# What to do:
Every entry gets copied exactly. No images go into the copy.

----- Provided records

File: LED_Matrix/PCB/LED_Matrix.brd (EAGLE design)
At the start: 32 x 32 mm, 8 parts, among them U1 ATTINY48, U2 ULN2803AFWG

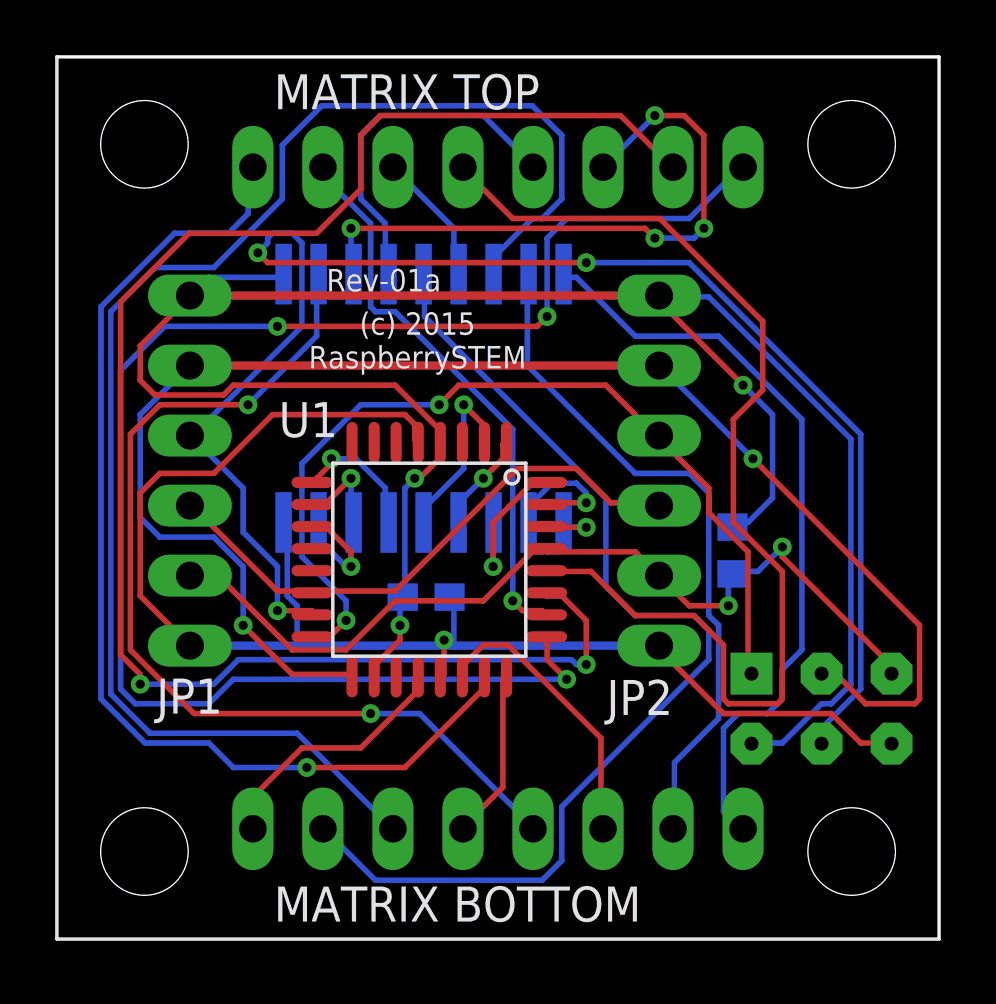
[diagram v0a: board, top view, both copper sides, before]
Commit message: matrix - Rev-01b - Adjust size, mouting holes, split matrix connector.  No routing changes.
Dimensionsional, mounting, silkscreen and schematic changes.  (actually - there
was one very minor routing adjustment where a DRC check failed).

Changes:
    - Board was 1260x1260mils: changed to correct 1250x1250, which is the size
      of the LED matrix.
    - Mouting holes where 1010 mils apart, and still would hit the matrix
      headers with #4 screws.  Rather than do the correct 1000mils, went to
      1050 mils, which allow us only of one pair of mounting pins at a time.
      This is good because it allows all boards in a chain to use exactly two
      mounting holes.  Holes are now also labeled on the silkscreen.
    - Split LED matrix connector so that the BOM can have correct reference
      designator linkages.
    - Changed JP1/2 to more correct J/P designations
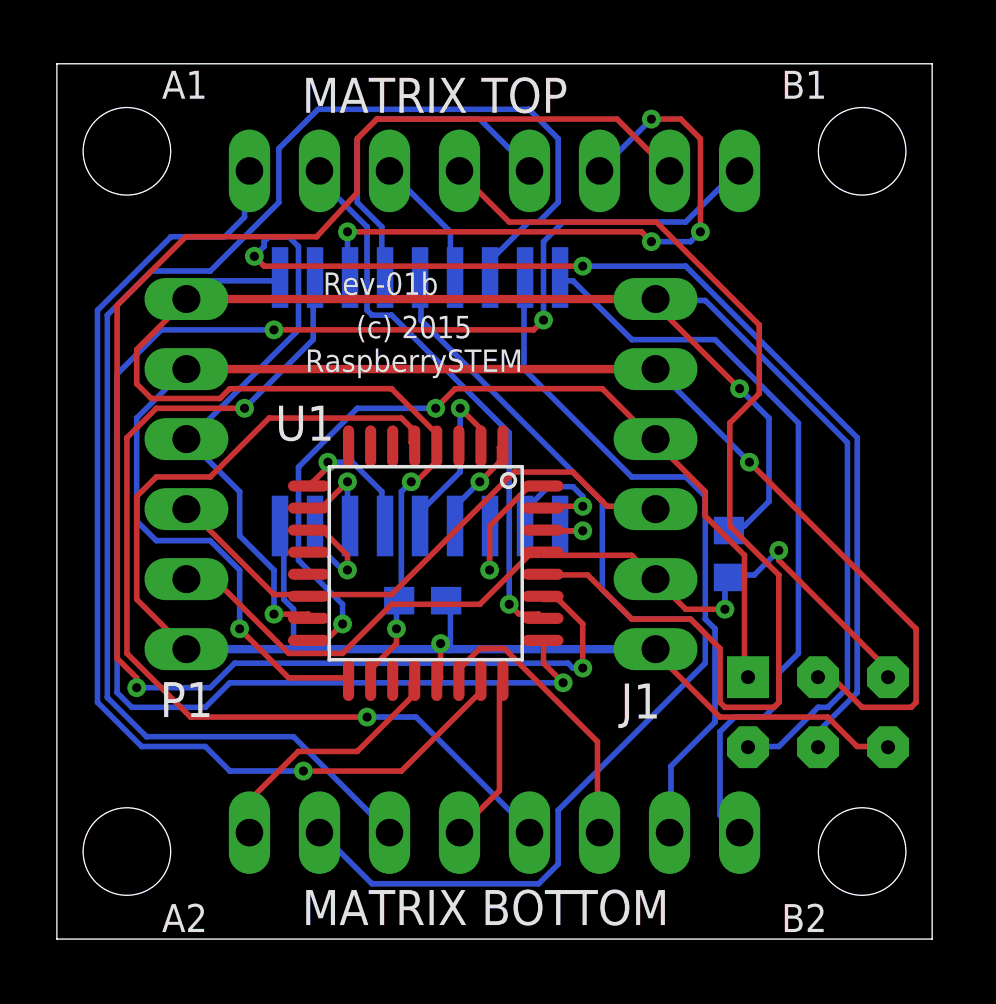
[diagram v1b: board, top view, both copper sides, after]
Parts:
- removed JP1, JP2: NONE, LED_Matrix:1X06
- removed LEDMATRIX: 8X8_LED_MATRIX, LED_Matrix:8X8_LED_MATRIX
- added J1, P1: NONE, LED_Matrix:1X06
- added J2, J3: HEADER-1X8, LED_Matrix:HEADER-1X8
- moved C1 0.18 mm to (13.3, 12.3)
- moved PROG 0.18 mm to (27.6, 8.23)
- moved R1 0.18 mm to (24.4, 14.0)
- moved U2 0.18 mm to (18.3, 15.0)
- moved U1 0.18 mm to (13.4, 13.6)
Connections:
- removed net N$1: LEDMATRIX.COL0, U2.O1
- removed net N$2: LEDMATRIX.COL1, U2.O2
- removed net N$3: LEDMATRIX.COL2, U2.O3
- removed net N$4: LEDMATRIX.COL3, U2.O4
- removed net N$5: LEDMATRIX.COL4, U2.O5
- removed net N$6: LEDMATRIX.COL5, U2.O6
- removed net N$7: LEDMATRIX.COL6, U2.O7
- removed net N$8: LEDMATRIX.COL7, U2.O8
- new net COL0_SINK: U1.PD0, U2.I1
- new net COL1_SINK: U1.PD1, U2.I2
- new net COL2_SINK: U1.PD2, U2.I3
- new net COL3_SINK: U1.PD3, U2.I4
- new net COL4_SINK: U1.PD4, U2.I5
- new net COL5_SINK: U1.PD5, U2.I6
- new net COL6_SINK: U1.PD6, U2.I7
- new net COL7_SINK: U1.PD7, U2.I8
- net COL0: now also J3.8, U2.O1; no longer U1.PD0, U2.I1
- net COL1: now also J3.7, U2.O2; no longer U1.PD1, U2.I2
- net COL2: now also J3.3, U2.O3; no longer U1.PD2, U2.I3
- net COL3: now also J2.3, U2.O4; no longer U1.PD3, U2.I4
- net COL4: now also J3.2, U2.O5; no longer U1.PD4, U2.I5
- net COL5: now also J2.5, U2.O6; no longer U1.PD5, U2.I6
- net COL6: now also J2.6, U2.O7; no longer U1.PD6, U2.I7
- net COL7: now also J3.5, U2.O8; no longer U1.PD7, U2.I8
- net CS: now also J1.4, P1.4; no longer JP1.4, JP2.4
- net GND: now also J1.6, P1.6; no longer JP1.6, JP2.6
- net MISO: now also J1.3; no longer JP2.3
- net MOSI: now also P1.3; no longer JP1.3
- net RESET: now also J1.5, P1.5; no longer JP1.5, JP2.5
- net ROW0: now also J3.1; no longer LEDMATRIX.ROW0
- net ROW1: now also J3.6; no longer LEDMATRIX.ROW1
- net ROW2: now also J2.1; no longer LEDMATRIX.ROW2
- net ROW3: now also J3.4; no longer LEDMATRIX.ROW3
- net ROW4: now also J2.8; no longer LEDMATRIX.ROW4
- net ROW5: now also J2.2; no longer LEDMATRIX.ROW5
- net ROW6: now also J2.7; no longer LEDMATRIX.ROW6
- net ROW7: now also J2.4; no longer LEDMATRIX.ROW7
- net SCK: now also J1.2, P1.2; no longer JP1.2, JP2.2
- net VCC: now also J1.1, P1.1; no longer JP1.1, JP2.1
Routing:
- net N$3: track 53.5 -> 0.00 mm
- net COL2: track 5.72 -> 53.3 mm, vias 1 -> 0
- net N$5: track 38.7 -> 0.00 mm
- net N$8: track 35.6 -> 0.00 mm, vias 2 -> 0
- net COL4: track 6.56 -> 38.6 mm, vias 1 -> 0
- net COL7: track 4.49 -> 35.6 mm, vias 1 -> 2
- net N$1: track 27.8 -> 0.00 mm
- net COL0: track 2.37 -> 27.6 mm, vias 1 -> 0
- net N$2: track 24.8 -> 0.00 mm
- net N$7: track 22.9 -> 0.00 mm, vias 4 -> 0
- net COL1: track 5.09 -> 24.7 mm, vias 1 -> 0
- net COL6: track 3.48 -> 22.8 mm, vias 1 -> 4
- net N$6: track 12.8 -> 0.00 mm
- net COL5: track 4.92 -> 12.7 mm, vias 1 -> 0
- net COL4_SINK: track 0.00 -> 6.56 mm, vias 0 -> 1
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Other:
- board size 32 x 32 mm -> 31.8 x 31.8 mm
- board text added: "A1"
- board text added: "A2"
- board text added: "B1"
- board text added: "B2"
- board text added: "Rev-01b"
- board text removed: "Rev-01a"

----------

# Answer to the exercise:
File: LED_Matrix/PCB/LED_Matrix.brd (EAGLE design)
At the start: 32 x 32 mm, 8 parts, among them U1 ATTINY48, U2 ULN2803AFWG

[diagram v0a: board, top view, both copper sides, before]
Commit message: matrix - Rev-01b - Adjust size, mouting holes, split matrix connector.  No routing changes.
Dimensionsional, mounting, silkscreen and schematic changes.  (actually - there
was one very minor routing adjustment where a DRC check failed).

Changes:
    - Board was 1260x1260mils: changed to correct 1250x1250, which is the size
      of the LED matrix.
    - Mouting holes where 1010 mils apart, and still would hit the matrix
      headers with #4 screws.  Rather than do the correct 1000mils, went to
      1050 mils, which allow us only of one pair of mounting pins at a time.
      This is good because it allows all boards in a chain to use exactly two
      mounting holes.  Holes are now also labeled on the silkscreen.
    - Split LED matrix connector so that the BOM can have correct reference
      designator linkages.
    - Changed JP1/2 to more correct J/P designations
[diagram v1b: board, top view, both copper sides, after]
Parts:
- removed JP1, JP2: NONE, LED_Matrix:1X06
- removed LEDMATRIX: 8X8_LED_MATRIX, LED_Matrix:8X8_LED_MATRIX
- added J1, P1: NONE, LED_Matrix:1X06
- added J2, J3: HEADER-1X8, LED_Matrix:HEADER-1X8
- moved C1 0.18 mm to (13.3, 12.3)
- moved PROG 0.18 mm to (27.6, 8.23)
- moved R1 0.18 mm to (24.4, 14.0)
- moved U2 0.18 mm to (18.3, 15.0)
- moved U1 0.18 mm to (13.4, 13.6)
Connections:
- removed net N$1: LEDMATRIX.COL0, U2.O1
- removed net N$2: LEDMATRIX.COL1, U2.O2
- removed net N$3: LEDMATRIX.COL2, U2.O3
- removed net N$4: LEDMATRIX.COL3, U2.O4
- removed net N$5: LEDMATRIX.COL4, U2.O5
- removed net N$6: LEDMATRIX.COL5, U2.O6
- removed net N$7: LEDMATRIX.COL6, U2.O7
- removed net N$8: LEDMATRIX.COL7, U2.O8
- new net COL0_SINK: U1.PD0, U2.I1
- new net COL1_SINK: U1.PD1, U2.I2
- new net COL2_SINK: U1.PD2, U2.I3
- new net COL3_SINK: U1.PD3, U2.I4
- new net COL4_SINK: U1.PD4, U2.I5
- new net COL5_SINK: U1.PD5, U2.I6
- new net COL6_SINK: U1.PD6, U2.I7
- new net COL7_SINK: U1.PD7, U2.I8
- net COL0: now also J3.8, U2.O1; no longer U1.PD0, U2.I1
- net COL1: now also J3.7, U2.O2; no longer U1.PD1, U2.I2
- net COL2: now also J3.3, U2.O3; no longer U1.PD2, U2.I3
- net COL3: now also J2.3, U2.O4; no longer U1.PD3, U2.I4
- net COL4: now also J3.2, U2.O5; no longer U1.PD4, U2.I5
- net COL5: now also J2.5, U2.O6; no longer U1.PD5, U2.I6
- net COL6: now also J2.6, U2.O7; no longer U1.PD6, U2.I7
- net COL7: now also J3.5, U2.O8; no longer U1.PD7, U2.I8
- net CS: now also J1.4, P1.4; no longer JP1.4, JP2.4
- net GND: now also J1.6, P1.6; no longer JP1.6, JP2.6
- net MISO: now also J1.3; no longer JP2.3
- net MOSI: now also P1.3; no longer JP1.3
- net RESET: now also J1.5, P1.5; no longer JP1.5, JP2.5
- net ROW0: now also J3.1; no longer LEDMATRIX.ROW0
- net ROW1: now also J3.6; no longer LEDMATRIX.ROW1
- net ROW2: now also J2.1; no longer LEDMATRIX.ROW2
- net ROW3: now also J3.4; no longer LEDMATRIX.ROW3
- net ROW4: now also J2.8; no longer LEDMATRIX.ROW4
- net ROW5: now also J2.2; no longer LEDMATRIX.ROW5
- net ROW6: now also J2.7; no longer LEDMATRIX.ROW6
- net ROW7: now also J2.4; no longer LEDMATRIX.ROW7
- net SCK: now also J1.2, P1.2; no longer JP1.2, JP2.2
- net VCC: now also J1.1, P1.1; no longer JP1.1, JP2.1
Routing:
- net N$3: track 53.5 -> 0.00 mm
- net COL2: track 5.72 -> 53.3 mm, vias 1 -> 0
- net N$5: track 38.7 -> 0.00 mm
- net N$8: track 35.6 -> 0.00 mm, vias 2 -> 0
- net COL4: track 6.56 -> 38.6 mm, vias 1 -> 0
- net COL7: track 4.49 -> 35.6 mm, vias 1 -> 2
- net N$1: track 27.8 -> 0.00 mm
- net COL0: track 2.37 -> 27.6 mm, vias 1 -> 0
- net N$2: track 24.8 -> 0.00 mm
- net N$7: track 22.9 -> 0.00 mm, vias 4 -> 0
- net COL1: track 5.09 -> 24.7 mm, vias 1 -> 0
- net COL6: track 3.48 -> 22.8 mm, vias 1 -> 4
- net N$6: track 12.8 -> 0.00 mm
- net COL5: track 4.92 -> 12.7 mm, vias 1 -> 0
- net COL4_SINK: track 0.00 -> 6.56 mm, vias 0 -> 1
Other:
- board size 32 x 32 mm -> 31.8 x 31.8 mm
- board text added: "A1"
- board text added: "A2"
- board text added: "B1"
- board text added: "B2"
- board text added: "Rev-01b"
- board text removed: "Rev-01a"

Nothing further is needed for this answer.